- [What is needed] Of the entries below, return only those lines from the line with "import ezdxf" to the line with "doc.linetypes.add('DASHED2', pattern=[0.375, 0.25, -0.125])", exactly, both included.

- [Entries supplied]
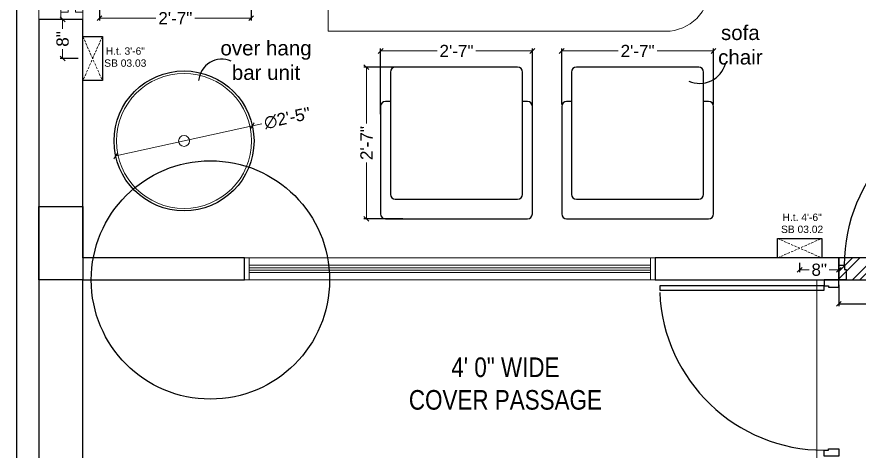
# Model space of a CAD drawing. Header units: millimetres. Extents: x 56222 to 3066687, y -650199 to -121287.
# Drawn here: x 149340.6 to 149512.8, y -177285.5 to -177196.7 of the extents above; entities that cross this region are included whole.
import ezdxf

# ---------------------------------------------------------------- set-up
doc = ezdxf.new("R2010")
doc.units = ezdxf.units.MM
doc.header["$MEASUREMENT"] = 0
doc.header["$PDMODE"] = 35
doc.linetypes.add('DASHED', pattern=[0.75, 0.5, -0.25])
doc.linetypes.add('DASHED2', pattern=[0.375, 0.25, -0.125])
doc.layers.get('Defpoints').update_dxf_attribs({"color": 220})
doc.layers.add('AR DOOR', color=40, linetype='Continuous')
doc.layers.add('AR ELE-5', color=134, linetype='Continuous')
for name, color, linetype, lineweight in [('COLUMN', 1, 'Continuous', 30), ('dim05', 1, 'Continuous', 13), ('el', 7, 'Continuous', 20), ('ELEC-wires', 1, 'DASHED2', 13), ('Electrical', 84, 'Continuous', 30), ('ELEVATION ( SPIRAL STAIR )', 250, 'Continuous', 9), ('FIRST FLOOR ( DW_RAIL )', 7, 'Continuous', 9), ('FIRST FLOOR ( TEXT )', 7, 'Continuous', 9), ('FURNITURE', 32, 'Continuous', 9), ('Labelling', 1, 'Continuous', 25), ('SECOND FLOOR', 7, 'Continuous', 9), ('SECOND FLOOR  ( PLINE )', 251, 'Continuous', 30), ('SECOND FLOOR ( DW_RAIL )', 7, 'Continuous', 9), ('wall', 7, 'Continuous', 30), ('XX~SLAB ( BEAM )~ ( DIM )', 7, 'Continuous', 9)]:
    doc.layers.add(name, color=color, linetype=linetype, lineweight=lineweight)
doc.layers.add('XX~SLAB ( PLINE )', color=251, linetype='Continuous', plot=False)
doc.styles.add('Arial', font='arial.ttf')
doc.styles.add('KATHA', font='swissc.ttf')
doc.styles.get("Standard").update_dxf_attribs({"font": 'arial.ttf', "height": 6})
doc.styles.add('style4', font='ARIALN.TTF')
doc.dimstyles.new('ISO-25', dxfattribs={"dimtxt": 2.5, "dimasz": 1, "dimexe": 0.5, "dimexo": 1, "dimtad": 0, "dimdec": 1, "dimlunit": 4, "dimtxsty": 'Standard', "dimblk": 'OBLIQUE', "dimcen": 2.5, "dimclrd": 1, "dimclre": 1, "dimclrt": 5, "dimadec": 0, "dimazin": 0, "dimtfac": 1, "dimtdec": 1, "dimtmove": 0, "dimatfit": 3, "dimfxl": 1, "dimlwd": -1, "dimarcsym": 0})

# ---------------------------------------------------------------- blocks, each defined once
blk = doc.blocks.new('*U255')
for points in [[(0, 0), (0, 1120), (-30, 1120), (-30, 0)], [(40, 0), (0, 0), (0, -30), (-10, -30), (-10, -100), (40, -100)], [(-1160, 0), (-1120, 0), (-1120, -30), (-1110, -30), (-1110, -100), (-1160, -100)]]:
    blk.add_lwpolyline(points, close=True)
at = {"layer": 'AR ELE-5', "linetype": 'ByBlock', "ltscale": 15}
blk.add_arc((1.6, -0.7), 1121.6, 92.37301, 179.96526, dxfattribs=at)
blk = doc.blocks.new('*U256')
for points in [[(-1160, 0), (-1120, 0), (-1120, 30), (-1110, 30), (-1110, 100), (-1160, 100)], [(40, 0), (0, 0), (0, 30), (-10, 30), (-10, 100), (40, 100)], [(0, 0), (0, -1120), (-30, -1120), (-30, 0)]]:
    blk.add_lwpolyline(points, close=True)
at = {"layer": 'AR ELE-5', "linetype": 'ByBlock', "ltscale": 15}
blk.add_arc((1.6, 0.7), 1121.6, 180.03474, 267.62699, dxfattribs=at)
blk = doc.blocks.new('_Oblique')
at = {"layer": 'wall', "color": 0, "lineweight": -2}
blk.add_line((-0.5, -0.5), (0.5, 0.5), dxfattribs=at)
blk = doc.blocks.new('*D693')
at = {"layer": 'Defpoints', "color": 0, "transparency": 16777216}
for p in [(149508.61, -177250.45), (149544.61, -177250.47), (149544.61, -177255.33)]:
    blk.add_point(p, dxfattribs=at)
at = {"layer": 'dim05', "color": 5, "linetype": 'Continuous', "lineweight": -2, "transparency": 16777216}
for p, q in [((149508.61, -177251.45), (149508.61, -177255.83)), ((149544.61, -177251.47), (149544.61, -177255.83))]:
    blk.add_line(p, q, dxfattribs=at)
at = {"layer": 'dim05', "color": 5, "linetype": 'Continuous', "lineweight": 30, "transparency": 16777216}
for p, q in [((149508.61, -177255.33), (149524.83, -177255.33)), ((149544.61, -177255.33), (149528.38, -177255.33))]:
    blk.add_line(p, q, dxfattribs=at)
at = {"layer": 'dim05', "color": 5, "lineweight": 30, "transparency": 16777216, "rotation": 180}
blk.add_blockref('_Oblique', (149508.61, -177255.33), dxfattribs=at)
at = {"layer": 'dim05', "color": 5, "lineweight": 30, "transparency": 16777216}
blk.add_blockref('_Oblique', (149544.61, -177255.33), dxfattribs=at)
at = {"layer": 'dim05', "color": 5, "lineweight": 30, "transparency": 16777216, "insert": (149526.61, -177255.33), "char_height": 2.5, "attachment_point": 5, "style": 'Arial'}
blk.add_mtext("3'", dxfattribs=at)
blk = doc.blocks.new('*D716')
at = {"layer": 'Defpoints', "color": 0, "transparency": 16777216}
for p in [(149357.5, -177184.74), (149388.5, -177186.19), (149388.5, -177196.95)]:
    blk.add_point(p, dxfattribs=at)
at = {"layer": 'dim05', "color": 1, "linetype": 'Continuous', "lineweight": -2, "transparency": 16777216}
for p, q in [((149357.5, -177185.74), (149357.5, -177197.45)), ((149388.5, -177187.19), (149388.5, -177197.45))]:
    blk.add_line(p, q, dxfattribs=at)
at = {"layer": 'dim05', "color": 1, "linetype": 'Continuous', "transparency": 16777216}
for p, q in [((149357.5, -177196.95), (149369.03, -177196.95)), ((149388.5, -177196.95), (149376.97, -177196.95))]:
    blk.add_line(p, q, dxfattribs=at)
at = {"layer": 'dim05', "color": 1, "transparency": 16777216, "rotation": 180}
blk.add_blockref('_Oblique', (149357.5, -177196.95), dxfattribs=at)
at = {"layer": 'dim05', "color": 1, "transparency": 16777216}
blk.add_blockref('_Oblique', (149388.5, -177196.95), dxfattribs=at)
at = {"layer": 'dim05', "color": 5, "lineweight": 25, "transparency": 16777216, "insert": (149373, -177196.95), "char_height": 2.5, "attachment_point": 5, "style": 'Arial'}
blk.add_mtext('2\'-7"', dxfattribs=at)
blk = doc.blocks.new('*D719')
at = {"layer": 'Defpoints', "color": 0, "transparency": 16777216}
for p in [(149451.98, -177203.65), (149451.98, -177215.58), (149483, -177215.58)]:
    blk.add_point(p, dxfattribs=at)
at = {"layer": 'dim05', "color": 1, "linetype": 'Continuous', "lineweight": -2, "transparency": 16777216}
for p, q in [((149451.98, -177214.58), (149451.98, -177203.15)), ((149483, -177214.58), (149483, -177203.15))]:
    blk.add_line(p, q, dxfattribs=at)
at = {"layer": 'dim05', "color": 1, "linetype": 'Continuous', "transparency": 16777216}
for p, q in [((149451.98, -177203.65), (149463.52, -177203.65)), ((149483, -177203.65), (149471.46, -177203.65))]:
    blk.add_line(p, q, dxfattribs=at)
at = {"layer": 'dim05', "color": 1, "transparency": 16777216, "rotation": 180}
blk.add_blockref('_Oblique', (149451.98, -177203.65), dxfattribs=at)
at = {"layer": 'dim05', "color": 1, "transparency": 16777216}
blk.add_blockref('_Oblique', (149483, -177203.65), dxfattribs=at)
at = {"layer": 'dim05', "color": 5, "lineweight": 25, "transparency": 16777216, "insert": (149467.49, -177203.65), "char_height": 2.5, "attachment_point": 5, "style": 'Arial'}
blk.add_mtext('2\'-7"', dxfattribs=at)
blk = doc.blocks.new('*D720')
at = {"layer": 'Defpoints', "color": 0, "transparency": 16777216}
for p in [(149445.98, -177203.65), (149414.96, -177217.58), (149445.98, -177217.58)]:
    blk.add_point(p, dxfattribs=at)
at = {"layer": 'dim05', "color": 1, "linetype": 'Continuous', "lineweight": -2, "transparency": 16777216}
for p, q in [((149414.96, -177216.58), (149414.96, -177203.15)), ((149445.98, -177216.58), (149445.98, -177203.15))]:
    blk.add_line(p, q, dxfattribs=at)
at = {"layer": 'dim05', "color": 1, "linetype": 'Continuous', "transparency": 16777216}
for p, q in [((149414.96, -177203.65), (149426.5, -177203.65)), ((149445.98, -177203.65), (149434.44, -177203.65))]:
    blk.add_line(p, q, dxfattribs=at)
at = {"layer": 'dim05', "color": 1, "transparency": 16777216, "rotation": 180}
blk.add_blockref('_Oblique', (149414.96, -177203.65), dxfattribs=at)
at = {"layer": 'dim05', "color": 1, "transparency": 16777216}
blk.add_blockref('_Oblique', (149445.98, -177203.65), dxfattribs=at)
at = {"layer": 'dim05', "color": 5, "lineweight": 25, "transparency": 16777216, "insert": (149430.47, -177203.65), "char_height": 2.5, "attachment_point": 5, "style": 'Arial'}
blk.add_mtext('2\'-7"', dxfattribs=at)
blk = doc.blocks.new('*D721')
at = {"layer": 'Defpoints', "color": 0, "transparency": 16777216}
for p in [(149420.5, -177206.97), (149412.06, -177237.97), (149420.51, -177237.97)]:
    blk.add_point(p, dxfattribs=at)
at = {"layer": 'dim05', "color": 1, "linetype": 'Continuous', "lineweight": -2, "transparency": 16777216}
for p, q in [((149419.5, -177206.97), (149411.56, -177206.97)), ((149419.51, -177237.97), (149411.56, -177237.97))]:
    blk.add_line(p, q, dxfattribs=at)
at = {"layer": 'dim05', "color": 1, "linetype": 'Continuous', "transparency": 16777216}
for p, q in [((149412.06, -177206.97), (149412.06, -177218.5)), ((149412.06, -177237.97), (149412.06, -177226.44))]:
    blk.add_line(p, q, dxfattribs=at)
at = {"layer": 'dim05', "color": 1, "transparency": 16777216}
for p, rotation in [((149412.06, -177206.97), 90), ((149412.06, -177237.97), 270)]:
    blk.add_blockref('_Oblique', p, dxfattribs=dict(at, rotation=rotation))
at = {"layer": 'dim05', "color": 5, "lineweight": 25, "transparency": 16777216, "insert": (149412.06, -177222.47), "char_height": 2.5, "attachment_point": 5, "rotation": 90, "style": 'Arial'}
blk.add_mtext('2\'-7"', dxfattribs=at)
blk = doc.blocks.new('*D704')
at = {"layer": 'Defpoints', "color": 0, "transparency": 16777216}
for p in [(149388.75, -177218.96), (149360.81, -177225.12)]:
    blk.add_point(p, dxfattribs=at)
at = {"layer": 'dim05', "color": 1, "linetype": 'Continuous', "transparency": 16777216}
for p in [(149360.81, -177225.12), (149390.7, -177218.53)]:
    blk.add_line(p, (149388.75, -177218.96), dxfattribs=at)
at = {"layer": 'dim05', "color": 1, "transparency": 16777216}
for p, rotation in [((149388.75, -177218.96), 192.4314332241733), ((149360.81, -177225.12), 12.43143322417324)]:
    blk.add_blockref('_Oblique', p, dxfattribs=dict(at, rotation=rotation))
at = {"layer": 'dim05', "color": 5, "lineweight": 25, "transparency": 16777216, "insert": (149395.88, -177217.39), "char_height": 2.5, "attachment_point": 5, "rotation": 12.4314, "style": 'Arial'}
blk.add_mtext('∅2\'-5"', dxfattribs=at)
blk = doc.blocks.new('6616')
at = {"color": 242, "linetype": 'DASHED', "true_color": 0xcd2027}
for p, q in [((386784.79, -36915.77), (386775.78, -36911.78)), ((386784.79, -36911.78), (386775.78, -36915.77))]:
    blk.add_line(p, q, dxfattribs=at)
at = {"layer": 'ELEC-wires', "color": 5, "linetype": 'ByBlock', "lineweight": 30, "ltscale": 4}
blk.add_lwpolyline([(386775.78, -36911.78), (386784.79, -36911.78), (386784.79, -36915.77), (386775.78, -36915.77)], close=True, dxfattribs=at)
blk = doc.blocks.new('*D864')
at = {"layer": 'Defpoints', "color": 0, "transparency": 16777216}
for p in [(149500.61, -177245.95, -0.13), (149508.61, -177245.95, -0.13), (149508.61, -177248.38)]:
    blk.add_point(p, dxfattribs=at)
at = {"layer": 'dim05', "color": 1, "linetype": 'Continuous', "lineweight": -2, "transparency": 16777216}
for p, q in [((149500.61, -177246.95), (149500.61, -177248.88)), ((149508.61, -177246.95), (149508.61, -177248.88))]:
    blk.add_line(p, q, dxfattribs=at)
at = {"layer": 'dim05', "color": 1, "linetype": 'Continuous', "transparency": 16777216}
for p, q in [((149500.61, -177248.38), (149502.54, -177248.38)), ((149508.61, -177248.38), (149506.67, -177248.38))]:
    blk.add_line(p, q, dxfattribs=at)
at = {"layer": 'dim05', "color": 1, "transparency": 16777216, "rotation": 180}
blk.add_blockref('_Oblique', (149500.61, -177248.38), dxfattribs=at)
at = {"layer": 'dim05', "color": 1, "transparency": 16777216}
blk.add_blockref('_Oblique', (149508.61, -177248.38), dxfattribs=at)
at = {"layer": 'dim05', "color": 5, "lineweight": 25, "transparency": 16777216, "insert": (149504.61, -177248.38), "char_height": 2.5, "attachment_point": 5, "style": 'Arial'}
blk.add_mtext('8"', dxfattribs=at)
blk = doc.blocks.new('*D865')
at = {"layer": 'Defpoints', "color": 0, "transparency": 16777216}
for p in [(149354.11, -177197.2, -0.13), (149349.96, -177205.2), (149354.11, -177205.2, -0.13)]:
    blk.add_point(p, dxfattribs=at)
at = {"layer": 'dim05', "color": 1, "linetype": 'Continuous', "lineweight": -2, "transparency": 16777216}
for p, q in [((149353.11, -177197.2), (149349.46, -177197.2)), ((149353.11, -177205.2), (149349.46, -177205.2))]:
    blk.add_line(p, q, dxfattribs=at)
at = {"layer": 'dim05', "color": 1, "linetype": 'Continuous', "transparency": 16777216}
for p, q in [((149349.96, -177197.2), (149349.96, -177199.14)), ((149349.96, -177205.2), (149349.96, -177203.27))]:
    blk.add_line(p, q, dxfattribs=at)
at = {"layer": 'dim05', "color": 1, "transparency": 16777216}
for p, rotation in [((149349.96, -177197.2), 90), ((149349.96, -177205.2), 270)]:
    blk.add_blockref('_Oblique', p, dxfattribs=dict(at, rotation=rotation))
at = {"layer": 'dim05', "color": 5, "lineweight": 25, "transparency": 16777216, "insert": (149349.96, -177201.2), "char_height": 2.5, "attachment_point": 5, "rotation": 90, "style": 'Arial'}
blk.add_mtext('8"', dxfattribs=at)

msp = doc.modelspace()

# ---------------------------------------------------------------- hatches: boundary and pattern name
at = {"layer": 'ELEVATION ( SPIRAL STAIR )', "lineweight": 5}
h = msp.add_hatch(dxfattribs=at)
h.set_pattern_fill('ANSI32', color=2, scale=8.479723)
h.set_pattern_definition([(45, (-662.8443, -7.8137), (-2.24852616, 2.24852616), []), (45, (-661.3453, -7.8137), (-2.24852616, 2.24852616), [])])
h.paths.add_polyline_path([(149543.1053, -177247.4526), (149542.5053, -177247.4526), (149542.5053, -177245.9526), (149509.8396, -177245.9526, 0.01145185), (149509.8053, -177247.4934), (149509.8053, -177248.3526), (149510.1053, -177248.3526), (149510.1053, -177250.4526), (149543.1053, -177250.4526)])
h.paths.add_polyline_path([(149510.1053, -177248.3526), (149509.8053, -177248.3526), (149509.8053, -177247.4934, -0.00030313), (149509.8053, -177247.4526), (149508.6053, -177247.4526), (149508.6053, -177250.4526), (149510.1053, -177250.4526)])
h.paths.add_polyline_path([(149509.8396, -177245.9526), (149508.6053, -177245.9526), (149508.6053, -177247.4526), (149509.8053, -177247.4526, -0.01114869)])

# ---------------------------------------------------------------- linework, layer by layer
at = {"layer": 'COLUMN', "elevation": -0.1256}
msp.add_lwpolyline([(149345.1053, -177235.4526), (149354.1053, -177235.4526), (149354.1053, -177250.4526), (149345.1053, -177250.4526)], close=True, dxfattribs=at)
at = {"layer": 'ELEVATION ( SPIRAL STAIR )', "color": 2, "lineweight": 30, "elevation": -0.1256}
msp.add_lwpolyline([(149508.6053, -177250.4526), (149543.1053, -177250.4526), (149543.1053, -177245.9526), (149508.6053, -177245.9526)], close=True, dxfattribs=at)
at = {"layer": 'FIRST FLOOR ( DW_RAIL )', "elevation": -0.1256}
for points in [[(149388.1053, -177250.4526), (149388.1053, -177245.9526)], [(149470.1053, -177245.9526), (149470.1053, -177250.4526)]]:
    msp.add_lwpolyline(points, dxfattribs=at)
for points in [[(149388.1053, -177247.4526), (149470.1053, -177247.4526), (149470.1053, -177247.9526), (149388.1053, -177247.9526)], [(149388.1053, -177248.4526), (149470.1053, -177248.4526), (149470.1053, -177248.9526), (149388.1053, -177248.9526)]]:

- [Task output]
import ezdxf

# ---------------------------------------------------------------- set-up
doc = ezdxf.new("R2010")
doc.units = ezdxf.units.MM
doc.header["$MEASUREMENT"] = 0
doc.header["$PDMODE"] = 35
doc.linetypes.add('DASHED', pattern=[0.75, 0.5, -0.25])
doc.linetypes.add('DASHED2', pattern=[0.375, 0.25, -0.125])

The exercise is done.